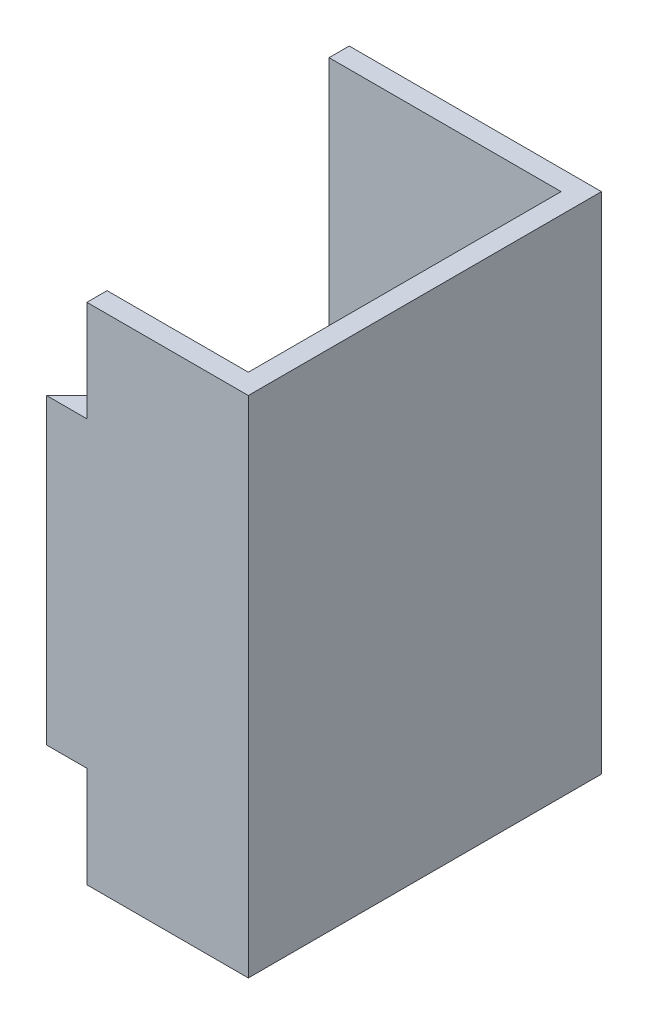
ISO-10303-21;
HEADER;
FILE_DESCRIPTION(('STEP AP214'),'2;1');
FILE_NAME('part.step','',(''),(''),'','','');
FILE_SCHEMA(('AUTOMOTIVE_DESIGN { 1 0 10303 214 1 1 1 1 }'));
ENDSEC;
DATA;
#1=APPLICATION_CONTEXT('core data for automotive mechanical design processes');
#2=APPLICATION_PROTOCOL_DEFINITION('international standard','automotive_design',2000,#1);
#3=PRODUCT_CONTEXT('',#1,'mechanical');
#4=PRODUCT('Part','Part','',(#3));
#5=PRODUCT_RELATED_PRODUCT_CATEGORY('part','',(#4));
#6=PRODUCT_DEFINITION_FORMATION('','',#4);
#7=PRODUCT_DEFINITION_CONTEXT('part definition',#1,'design');
#8=PRODUCT_DEFINITION('design','',#6,#7);
#9=PRODUCT_DEFINITION_SHAPE('','',#8);
#10=(LENGTH_UNIT() NAMED_UNIT(*) SI_UNIT(.MILLI.,.METRE.));
#11=(NAMED_UNIT(*) PLANE_ANGLE_UNIT() SI_UNIT($,.RADIAN.));
#12=(NAMED_UNIT(*) SI_UNIT($,.STERADIAN.) SOLID_ANGLE_UNIT());
#13=UNCERTAINTY_MEASURE_WITH_UNIT(LENGTH_MEASURE(1.E-05),#10,'distance_accuracy_value','');
#14=(GEOMETRIC_REPRESENTATION_CONTEXT(3) GLOBAL_UNCERTAINTY_ASSIGNED_CONTEXT((#13)) GLOBAL_UNIT_ASSIGNED_CONTEXT((#10,
#11,#12)) REPRESENTATION_CONTEXT('',''));
#15=CARTESIAN_POINT('',(0.,0.,0.));
#16=DIRECTION('',(0.,0.,1.));
#17=DIRECTION('',(1.,0.,0.));
#18=AXIS2_PLACEMENT_3D('',#15,#16,#17);
#19=CARTESIAN_POINT('',(0.48,-0.25,0.0199999999999999));
#20=DIRECTION('',(0.,0.,1.));
#21=DIRECTION('',(1.,0.,0.));
#22=AXIS2_PLACEMENT_3D('',#19,#20,#21);
#23=PLANE('',#22);
#24=DIRECTION('',(0.,1.,0.));
#25=VECTOR('',#24,1.);
#26=CARTESIAN_POINT('',(0.48,-0.25,0.0199999999999999));
#27=LINE('',#26,#25);
#28=CARTESIAN_POINT('',(0.48,-0.25,0.0199999999999999));
#29=VERTEX_POINT('',#28);
#30=CARTESIAN_POINT('',(0.48,0.25,0.0199999999999999));
#31=VERTEX_POINT('',#30);
#32=EDGE_CURVE('E11',#29,#31,#27,.T.);
#33=ORIENTED_EDGE('',*,*,#32,.T.);
#34=DIRECTION('',(1.,0.,0.));
#35=VECTOR('',#34,1.);
#36=CARTESIAN_POINT('',(0.48,0.25,0.0199999999999999));
#37=LINE('',#36,#35);
#38=CARTESIAN_POINT('',(0.25,0.25,0.02));
#39=VERTEX_POINT('',#38);
#40=EDGE_CURVE('E24',#39,#31,#37,.T.);
#41=ORIENTED_EDGE('',*,*,#40,.F.);
#42=DIRECTION('',(0.,1.,0.));
#43=VECTOR('',#42,1.);
#44=CARTESIAN_POINT('',(0.25,-0.25,0.02));
#45=LINE('',#44,#43);
#46=CARTESIAN_POINT('',(0.25,-0.25,0.02));
#47=VERTEX_POINT('',#46);
#48=EDGE_CURVE('E203',#47,#39,#45,.T.);
#49=ORIENTED_EDGE('',*,*,#48,.F.);
#50=DIRECTION('',(1.,0.,0.));
#51=VECTOR('',#50,1.);
#52=CARTESIAN_POINT('',(0.48,-0.25,0.0199999999999999));
#53=LINE('',#52,#51);
#54=EDGE_CURVE('E201',#47,#29,#53,.T.);
#55=ORIENTED_EDGE('',*,*,#54,.T.);
#56=EDGE_LOOP('',(#33,#41,#49,#55));
#57=FACE_BOUND('',#56,.T.);
#58=ADVANCED_FACE('F17',(#57),#23,.T.);
#59=CARTESIAN_POINT('',(0.25,-0.25,0.02));
#60=DIRECTION('',(-1.,0.,0.));
#61=DIRECTION('',(0.,0.,1.));
#62=AXIS2_PLACEMENT_3D('',#59,#60,#61);
#63=PLANE('',#62);
#64=ORIENTED_EDGE('',*,*,#48,.T.);
#65=DIRECTION('',(0.,0.,1.));
#66=VECTOR('',#65,1.);
#67=CARTESIAN_POINT('',(0.25,0.25,0.02));
#68=LINE('',#67,#66);
#69=CARTESIAN_POINT('',(0.25,0.25,0.));
#70=VERTEX_POINT('',#69);
#71=EDGE_CURVE('E198',#70,#39,#68,.T.);
#72=ORIENTED_EDGE('',*,*,#71,.F.);
#73=DIRECTION('',(0.,1.,0.));
#74=VECTOR('',#73,1.);
#75=CARTESIAN_POINT('',(0.25,-0.25,0.));
#76=LINE('',#75,#74);
#77=CARTESIAN_POINT('',(0.25,-0.25,0.));
#78=VERTEX_POINT('',#77);
#79=EDGE_CURVE('E195',#78,#70,#76,.T.);
#80=ORIENTED_EDGE('',*,*,#79,.F.);
#81=DIRECTION('',(0.,0.,1.));
#82=VECTOR('',#81,1.);
#83=CARTESIAN_POINT('',(0.25,-0.25,0.02));
#84=LINE('',#83,#82);
#85=EDGE_CURVE('E192',#78,#47,#84,.T.);
#86=ORIENTED_EDGE('',*,*,#85,.T.);
#87=EDGE_LOOP('',(#64,#72,#80,#86));
#88=FACE_BOUND('',#87,.T.);
#89=ADVANCED_FACE('F235',(#88),#63,.T.);
#90=CARTESIAN_POINT('',(0.25,-0.25,0.));
#91=DIRECTION('',(0.,0.,-1.));
#92=DIRECTION('',(-1.,0.,0.));
#93=AXIS2_PLACEMENT_3D('',#90,#91,#92);
#94=PLANE('',#93);
#95=ORIENTED_EDGE('',*,*,#79,.T.);
#96=DIRECTION('',(-1.,0.,0.));
#97=VECTOR('',#96,1.);
#98=CARTESIAN_POINT('',(0.25,0.25,0.));
#99=LINE('',#98,#97);
#100=CARTESIAN_POINT('',(0.5,0.25,0.));
#101=VERTEX_POINT('',#100);
#102=EDGE_CURVE('E189',#101,#70,#99,.T.);
#103=ORIENTED_EDGE('',*,*,#102,.F.);
#104=DIRECTION('',(0.,1.,0.));
#105=VECTOR('',#104,1.);
#106=CARTESIAN_POINT('',(0.5,-0.25,0.));
#107=LINE('',#106,#105);
#108=CARTESIAN_POINT('',(0.5,-0.25,0.));
#109=VERTEX_POINT('',#108);
#110=EDGE_CURVE('E186',#109,#101,#107,.T.);
#111=ORIENTED_EDGE('',*,*,#110,.F.);
#112=DIRECTION('',(-1.,0.,0.));
#113=VECTOR('',#112,1.);
#114=CARTESIAN_POINT('',(0.25,-0.25,0.));
#115=LINE('',#114,#113);
#116=EDGE_CURVE('E183',#109,#78,#115,.T.);
#117=ORIENTED_EDGE('',*,*,#116,.T.);
#118=EDGE_LOOP('',(#95,#103,#111,#117));
#119=FACE_BOUND('',#118,.T.);
#120=ADVANCED_FACE('F232',(#119),#94,.T.);
#121=CARTESIAN_POINT('',(0.5,-0.25,0.));
#122=DIRECTION('',(1.,0.,0.));
#123=DIRECTION('',(0.,0.,-1.));
#124=AXIS2_PLACEMENT_3D('',#121,#122,#123);
#125=PLANE('',#124);
#126=ORIENTED_EDGE('',*,*,#110,.T.);
#127=DIRECTION('',(0.,0.,-1.));
#128=VECTOR('',#127,1.);
#129=CARTESIAN_POINT('',(0.5,0.25,0.));
#130=LINE('',#129,#128);
#131=CARTESIAN_POINT('',(0.5,0.25,0.35));
#132=VERTEX_POINT('',#131);
#133=EDGE_CURVE('E180',#132,#101,#130,.T.);
#134=ORIENTED_EDGE('',*,*,#133,.F.);
#135=DIRECTION('',(0.,1.,0.));
#136=VECTOR('',#135,1.);
#137=CARTESIAN_POINT('',(0.5,-0.25,0.35));
#138=LINE('',#137,#136);
#139=CARTESIAN_POINT('',(0.5,-0.25,0.35));
#140=VERTEX_POINT('',#139);
#141=EDGE_CURVE('E177',#140,#132,#138,.T.);
#142=ORIENTED_EDGE('',*,*,#141,.F.);
#143=DIRECTION('',(0.,0.,-1.));
#144=VECTOR('',#143,1.);
#145=CARTESIAN_POINT('',(0.5,-0.25,0.));
#146=LINE('',#145,#144);
#147=EDGE_CURVE('E174',#140,#109,#146,.T.);
#148=ORIENTED_EDGE('',*,*,#147,.T.);
#149=EDGE_LOOP('',(#126,#134,#142,#148));
#150=FACE_BOUND('',#149,.T.);
#151=ADVANCED_FACE('F230',(#150),#125,.T.);
#152=CARTESIAN_POINT('',(0.5,-0.25,0.35));
#153=DIRECTION('',(0.,0.,1.));
#154=DIRECTION('',(1.,0.,0.));
#155=AXIS2_PLACEMENT_3D('',#152,#153,#154);
#156=PLANE('',#155);
#157=DIRECTION('',(1.,0.,0.));
#158=VECTOR('',#157,1.);
#159=CARTESIAN_POINT('',(0.34,0.15,0.35));
#160=LINE('',#159,#158);
#161=CARTESIAN_POINT('',(0.3,0.15,0.35));
#162=VERTEX_POINT('',#161);
#163=CARTESIAN_POINT('',(0.34,0.15,0.35));
#164=VERTEX_POINT('',#163);
#165=EDGE_CURVE('E172',#162,#164,#160,.T.);
#166=ORIENTED_EDGE('',*,*,#165,.F.);
#167=DIRECTION('',(0.,1.,0.));
#168=VECTOR('',#167,1.);
#169=CARTESIAN_POINT('',(0.3,-0.25,0.35));
#170=LINE('',#169,#168);
#171=CARTESIAN_POINT('',(0.3,-0.15,0.35));
#172=VERTEX_POINT('',#171);
#173=EDGE_CURVE('E169',#172,#162,#170,.T.);
#174=ORIENTED_EDGE('',*,*,#173,.F.);
#175=DIRECTION('',(-1.,0.,0.));
#176=VECTOR('',#175,1.);
#177=CARTESIAN_POINT('',(0.34,-0.15,0.35));
#178=LINE('',#177,#176);
#179=CARTESIAN_POINT('',(0.34,-0.15,0.35));
#180=VERTEX_POINT('',#179);
#181=EDGE_CURVE('E167',#180,#172,#178,.T.);
#182=ORIENTED_EDGE('',*,*,#181,.F.);
#183=DIRECTION('',(0.,1.,0.));
#184=VECTOR('',#183,1.);
#185=CARTESIAN_POINT('',(0.34,-0.25,0.35));
#186=LINE('',#185,#184);
#187=CARTESIAN_POINT('',(0.34,-0.25,0.35));
#188=VERTEX_POINT('',#187);
#189=EDGE_CURVE('E126',#188,#180,#186,.T.);
#190=ORIENTED_EDGE('',*,*,#189,.F.);
#191=DIRECTION('',(1.,0.,0.));
#192=VECTOR('',#191,1.);
#193=CARTESIAN_POINT('',(0.5,-0.25,0.35));
#194=LINE('',#193,#192);
#195=EDGE_CURVE('E163',#188,#140,#194,.T.);
#196=ORIENTED_EDGE('',*,*,#195,.T.);
#197=ORIENTED_EDGE('',*,*,#141,.T.);
#198=DIRECTION('',(1.,0.,0.));
#199=VECTOR('',#198,1.);
#200=CARTESIAN_POINT('',(0.5,0.25,0.35));
#201=LINE('',#200,#199);
#202=CARTESIAN_POINT('',(0.34,0.25,0.35));
#203=VERTEX_POINT('',#202);
#204=EDGE_CURVE('E160',#203,#132,#201,.T.);
#205=ORIENTED_EDGE('',*,*,#204,.F.);
#206=DIRECTION('',(0.,1.,0.));
#207=VECTOR('',#206,1.);
#208=CARTESIAN_POINT('',(0.34,0.25,0.35));
#209=LINE('',#208,#207);
#210=EDGE_CURVE('E157',#164,#203,#209,.T.);
#211=ORIENTED_EDGE('',*,*,#210,.F.);
#212=EDGE_LOOP('',(#166,#174,#182,#190,#196,#197,#205,#211));
#213=FACE_BOUND('',#212,.T.);
#214=ADVANCED_FACE('F216',(#213),#156,.T.);
#215=CARTESIAN_POINT('',(0.3,-0.25,0.35));
#216=DIRECTION('',(-0.707106781186544,0.,-0.707106781186551));
#217=DIRECTION('',(-0.707106781186551,0.,0.707106781186544));
#218=AXIS2_PLACEMENT_3D('',#215,#216,#217);
#219=PLANE('',#218);
#220=DIRECTION('',(0.707106781186551,0.,-0.707106781186544));
#221=VECTOR('',#220,1.);
#222=CARTESIAN_POINT('',(0.4955,0.15,0.154500000000002));
#223=LINE('',#222,#221);
#224=CARTESIAN_POINT('',(0.32,0.15,0.33));
#225=VERTEX_POINT('',#224);
#226=EDGE_CURVE('E155',#162,#225,#223,.T.);
#227=ORIENTED_EDGE('',*,*,#226,.T.);
#228=DIRECTION('',(0.,1.,0.));
#229=VECTOR('',#228,1.);
#230=CARTESIAN_POINT('',(0.32,-0.25,0.33));
#231=LINE('',#230,#229);
#232=CARTESIAN_POINT('',(0.32,-0.15,0.33));
#233=VERTEX_POINT('',#232);
#234=EDGE_CURVE('E153',#233,#225,#231,.T.);
#235=ORIENTED_EDGE('',*,*,#234,.F.);
#236=DIRECTION('',(-0.707106781186551,0.,0.707106781186544));
#237=VECTOR('',#236,1.);
#238=CARTESIAN_POINT('',(0.4955,-0.15,0.154500000000002));
#239=LINE('',#238,#237);
#240=EDGE_CURVE('E121',#233,#172,#239,.T.);
#241=ORIENTED_EDGE('',*,*,#240,.T.);
#242=ORIENTED_EDGE('',*,*,#173,.T.);
#243=EDGE_LOOP('',(#227,#235,#241,#242));
#244=FACE_BOUND('',#243,.T.);
#245=ADVANCED_FACE('F218',(#244),#219,.T.);
#246=CARTESIAN_POINT('',(0.32,-0.25,0.33));
#247=DIRECTION('',(0.,0.,-1.));
#248=DIRECTION('',(-1.,0.,0.));
#249=AXIS2_PLACEMENT_3D('',#246,#247,#248);
#250=PLANE('',#249);
#251=DIRECTION('',(1.,0.,0.));
#252=VECTOR('',#251,1.);
#253=CARTESIAN_POINT('',(0.34,0.15,0.33));
#254=LINE('',#253,#252);
#255=CARTESIAN_POINT('',(0.34,0.15,0.33));
#256=VERTEX_POINT('',#255);
#257=EDGE_CURVE('E150',#225,#256,#254,.T.);
#258=ORIENTED_EDGE('',*,*,#257,.T.);
#259=DIRECTION('',(0.,1.,0.));
#260=VECTOR('',#259,1.);
#261=CARTESIAN_POINT('',(0.34,0.25,0.33));
#262=LINE('',#261,#260);
#263=CARTESIAN_POINT('',(0.34,0.25,0.33));
#264=VERTEX_POINT('',#263);
#265=EDGE_CURVE('E148',#256,#264,#262,.T.);
#266=ORIENTED_EDGE('',*,*,#265,.T.);
#267=DIRECTION('',(-1.,0.,0.));
#268=VECTOR('',#267,1.);
#269=CARTESIAN_POINT('',(0.32,0.25,0.33));
#270=LINE('',#269,#268);
#271=CARTESIAN_POINT('',(0.48,0.25,0.33));
#272=VERTEX_POINT('',#271);
#273=EDGE_CURVE('E145',#272,#264,#270,.T.);
#274=ORIENTED_EDGE('',*,*,#273,.F.);
#275=DIRECTION('',(0.,1.,0.));
#276=VECTOR('',#275,1.);
#277=CARTESIAN_POINT('',(0.48,-0.25,0.33));
#278=LINE('',#277,#276);
#279=CARTESIAN_POINT('',(0.48,-0.25,0.33));
#280=VERTEX_POINT('',#279);
#281=EDGE_CURVE('E142',#280,#272,#278,.T.);
#282=ORIENTED_EDGE('',*,*,#281,.F.);
#283=DIRECTION('',(-1.,0.,0.));
#284=VECTOR('',#283,1.);
#285=CARTESIAN_POINT('',(0.32,-0.25,0.33));
#286=LINE('',#285,#284);
#287=CARTESIAN_POINT('',(0.34,-0.25,0.33));
#288=VERTEX_POINT('',#287);
#289=EDGE_CURVE('E108',#280,#288,#286,.T.);
#290=ORIENTED_EDGE('',*,*,#289,.T.);
#291=DIRECTION('',(0.,1.,0.));
#292=VECTOR('',#291,1.);
#293=CARTESIAN_POINT('',(0.34,-0.25,0.33));
#294=LINE('',#293,#292);
#295=CARTESIAN_POINT('',(0.34,-0.15,0.33));
#296=VERTEX_POINT('',#295);
#297=EDGE_CURVE('E102',#288,#296,#294,.T.);
#298=ORIENTED_EDGE('',*,*,#297,.T.);
#299=DIRECTION('',(-1.,0.,0.));
#300=VECTOR('',#299,1.);
#301=CARTESIAN_POINT('',(0.34,-0.15,0.33));
#302=LINE('',#301,#300);
#303=EDGE_CURVE('E106',#296,#233,#302,.T.);
#304=ORIENTED_EDGE('',*,*,#303,.T.);
#305=ORIENTED_EDGE('',*,*,#234,.T.);
#306=EDGE_LOOP('',(#258,#266,#274,#282,#290,#298,#304,#305));
#307=FACE_BOUND('',#306,.T.);
#308=ADVANCED_FACE('F104',(#307),#250,.T.);
#309=CARTESIAN_POINT('',(0.48,-0.25,0.33));
#310=DIRECTION('',(-1.,0.,0.));
#311=DIRECTION('',(0.,0.,1.));
#312=AXIS2_PLACEMENT_3D('',#309,#310,#311);
#313=PLANE('',#312);
#314=ORIENTED_EDGE('',*,*,#281,.T.);
#315=DIRECTION('',(0.,0.,1.));
#316=VECTOR('',#315,1.);
#317=CARTESIAN_POINT('',(0.48,0.25,0.33));
#318=LINE('',#317,#316);
#319=EDGE_CURVE('E122',#31,#272,#318,.T.);
#320=ORIENTED_EDGE('',*,*,#319,.F.);
#321=ORIENTED_EDGE('',*,*,#32,.F.);
#322=DIRECTION('',(0.,0.,1.));
#323=VECTOR('',#322,1.);
#324=CARTESIAN_POINT('',(0.48,-0.25,0.33));
#325=LINE('',#324,#323);
#326=EDGE_CURVE('E137',#29,#280,#325,.T.);
#327=ORIENTED_EDGE('',*,*,#326,.T.);
#328=EDGE_LOOP('',(#314,#320,#321,#327));
#329=FACE_BOUND('',#328,.T.);
#330=ADVANCED_FACE('F207',(#329),#313,.T.);
#331=CARTESIAN_POINT('',(0.,-0.25,0.));
#332=DIRECTION('',(0.,-1.,0.));
#333=DIRECTION('',(0.,0.,-1.));
#334=AXIS2_PLACEMENT_3D('',#331,#332,#333);
#335=PLANE('',#334);
#336=DIRECTION('',(0.,0.,1.));
#337=VECTOR('',#336,1.);
#338=CARTESIAN_POINT('',(0.34,-0.25,-0.00100000000000013));
#339=LINE('',#338,#337);
#340=EDGE_CURVE('E135',#288,#188,#339,.T.);
#341=ORIENTED_EDGE('',*,*,#340,.F.);
#342=ORIENTED_EDGE('',*,*,#289,.F.);
#343=ORIENTED_EDGE('',*,*,#326,.F.);
#344=ORIENTED_EDGE('',*,*,#54,.F.);
#345=ORIENTED_EDGE('',*,*,#85,.F.);
#346=ORIENTED_EDGE('',*,*,#116,.F.);
#347=ORIENTED_EDGE('',*,*,#147,.F.);
#348=ORIENTED_EDGE('',*,*,#195,.F.);
#349=EDGE_LOOP('',(#341,#342,#343,#344,#345,#346,#347,#348));
#350=FACE_BOUND('',#349,.T.);
#351=ADVANCED_FACE('F210',(#350),#335,.T.);
#352=CARTESIAN_POINT('',(0.,0.25,0.));
#353=DIRECTION('',(0.,-1.,0.));
#354=DIRECTION('',(0.,0.,-1.));
#355=AXIS2_PLACEMENT_3D('',#352,#353,#354);
#356=PLANE('',#355);
#357=ORIENTED_EDGE('',*,*,#273,.T.);
#358=DIRECTION('',(0.,0.,1.));
#359=VECTOR('',#358,1.);
#360=CARTESIAN_POINT('',(0.34,0.25,-0.00100000000000013));
#361=LINE('',#360,#359);
#362=EDGE_CURVE('E130',#264,#203,#361,.T.);
#363=ORIENTED_EDGE('',*,*,#362,.T.);
#364=ORIENTED_EDGE('',*,*,#204,.T.);
#365=ORIENTED_EDGE('',*,*,#133,.T.);
#366=ORIENTED_EDGE('',*,*,#102,.T.);
#367=ORIENTED_EDGE('',*,*,#71,.T.);
#368=ORIENTED_EDGE('',*,*,#40,.T.);
#369=ORIENTED_EDGE('',*,*,#319,.T.);
#370=EDGE_LOOP('',(#357,#363,#364,#365,#366,#367,#368,#369));
#371=FACE_BOUND('',#370,.T.);
#372=ADVANCED_FACE('F206',(#371),#356,.F.);
#373=CARTESIAN_POINT('',(0.34,0.15,-0.00100000000000013));
#374=DIRECTION('',(0.,-1.,0.));
#375=DIRECTION('',(0.,0.,-1.));
#376=AXIS2_PLACEMENT_3D('',#373,#374,#375);
#377=PLANE('',#376);
#378=ORIENTED_EDGE('',*,*,#165,.T.);
#379=DIRECTION('',(0.,0.,1.));
#380=VECTOR('',#379,1.);
#381=CARTESIAN_POINT('',(0.34,0.15,-0.00100000000000013));
#382=LINE('',#381,#380);
#383=EDGE_CURVE('E127',#256,#164,#382,.T.);
#384=ORIENTED_EDGE('',*,*,#383,.F.);
#385=ORIENTED_EDGE('',*,*,#257,.F.);
#386=ORIENTED_EDGE('',*,*,#226,.F.);
#387=EDGE_LOOP('',(#378,#384,#385,#386));
#388=FACE_BOUND('',#387,.T.);
#389=ADVANCED_FACE('F224',(#388),#377,.F.);
#390=CARTESIAN_POINT('',(0.34,0.25,-0.00100000000000013));
#391=DIRECTION('',(1.,0.,0.));
#392=DIRECTION('',(0.,0.,-1.));
#393=AXIS2_PLACEMENT_3D('',#390,#391,#392);
#394=PLANE('',#393);
#395=ORIENTED_EDGE('',*,*,#383,.T.);
#396=ORIENTED_EDGE('',*,*,#210,.T.);
#397=ORIENTED_EDGE('',*,*,#362,.F.);
#398=ORIENTED_EDGE('',*,*,#265,.F.);
#399=EDGE_LOOP('',(#395,#396,#397,#398));
#400=FACE_BOUND('',#399,.T.);
#401=ADVANCED_FACE('F227',(#400),#394,.F.);
#402=CARTESIAN_POINT('',(0.34,-0.25,-0.00100000000000013));
#403=DIRECTION('',(1.,0.,0.));
#404=DIRECTION('',(0.,0.,-1.));
#405=AXIS2_PLACEMENT_3D('',#402,#403,#404);
#406=PLANE('',#405);
#407=ORIENTED_EDGE('',*,*,#340,.T.);
#408=ORIENTED_EDGE('',*,*,#189,.T.);
#409=DIRECTION('',(0.,0.,1.));
#410=VECTOR('',#409,1.);
#411=CARTESIAN_POINT('',(0.34,-0.15,-0.00100000000000013));
#412=LINE('',#411,#410);
#413=EDGE_CURVE('E119',#296,#180,#412,.T.);
#414=ORIENTED_EDGE('',*,*,#413,.F.);
#415=ORIENTED_EDGE('',*,*,#297,.F.);
#416=EDGE_LOOP('',(#407,#408,#414,#415));
#417=FACE_BOUND('',#416,.T.);
#418=ADVANCED_FACE('F125',(#417),#406,.F.);
#419=CARTESIAN_POINT('',(0.34,-0.15,-0.00100000000000013));
#420=DIRECTION('',(0.,1.,0.));
#421=DIRECTION('',(0.,0.,1.));
#422=AXIS2_PLACEMENT_3D('',#419,#420,#421);
#423=PLANE('',#422);
#424=ORIENTED_EDGE('',*,*,#303,.F.);
#425=ORIENTED_EDGE('',*,*,#413,.T.);
#426=ORIENTED_EDGE('',*,*,#181,.T.);
#427=ORIENTED_EDGE('',*,*,#240,.F.);
#428=EDGE_LOOP('',(#424,#425,#426,#427));
#429=FACE_BOUND('',#428,.T.);
#430=ADVANCED_FACE('F117',(#429),#423,.F.);
#431=CLOSED_SHELL('',(#58,#89,#120,#151,#214,#245,#308,#330,#351,#372,#389,#401,#418,#430));
#432=MANIFOLD_SOLID_BREP('B1',#431);
#433=ADVANCED_BREP_SHAPE_REPRESENTATION('',(#18,#432),#14);
#434=SHAPE_DEFINITION_REPRESENTATION(#9,#433);
ENDSEC;
END-ISO-10303-21;

— Aim of the task —
All that belongs in the answer is the run of lines above from the line containing "#313=PLANE('',#312);" through the line containing "#341=ORIENTED_EDGE('',*,*,#340,.F.);", exactly as written.

— Answer space —
#313=PLANE('',#312);
#314=ORIENTED_EDGE('',*,*,#281,.T.);
#315=DIRECTION('',(0.,0.,1.));
#316=VECTOR('',#315,1.);
#317=CARTESIAN_POINT('',(0.48,0.25,0.33));
#318=LINE('',#317,#316);
#319=EDGE_CURVE('E122',#31,#272,#318,.T.);
#320=ORIENTED_EDGE('',*,*,#319,.F.);
#321=ORIENTED_EDGE('',*,*,#32,.F.);
#322=DIRECTION('',(0.,0.,1.));
#323=VECTOR('',#322,1.);
#324=CARTESIAN_POINT('',(0.48,-0.25,0.33));
#325=LINE('',#324,#323);
#326=EDGE_CURVE('E137',#29,#280,#325,.T.);
#327=ORIENTED_EDGE('',*,*,#326,.T.);
#328=EDGE_LOOP('',(#314,#320,#321,#327));
#329=FACE_BOUND('',#328,.T.);
#330=ADVANCED_FACE('F207',(#329),#313,.T.);
#331=CARTESIAN_POINT('',(0.,-0.25,0.));
#332=DIRECTION('',(0.,-1.,0.));
#333=DIRECTION('',(0.,0.,-1.));
#334=AXIS2_PLACEMENT_3D('',#331,#332,#333);
#335=PLANE('',#334);
#336=DIRECTION('',(0.,0.,1.));
#337=VECTOR('',#336,1.);
#338=CARTESIAN_POINT('',(0.34,-0.25,-0.00100000000000013));
#339=LINE('',#338,#337);
#340=EDGE_CURVE('E135',#288,#188,#339,.T.);
#341=ORIENTED_EDGE('',*,*,#340,.F.);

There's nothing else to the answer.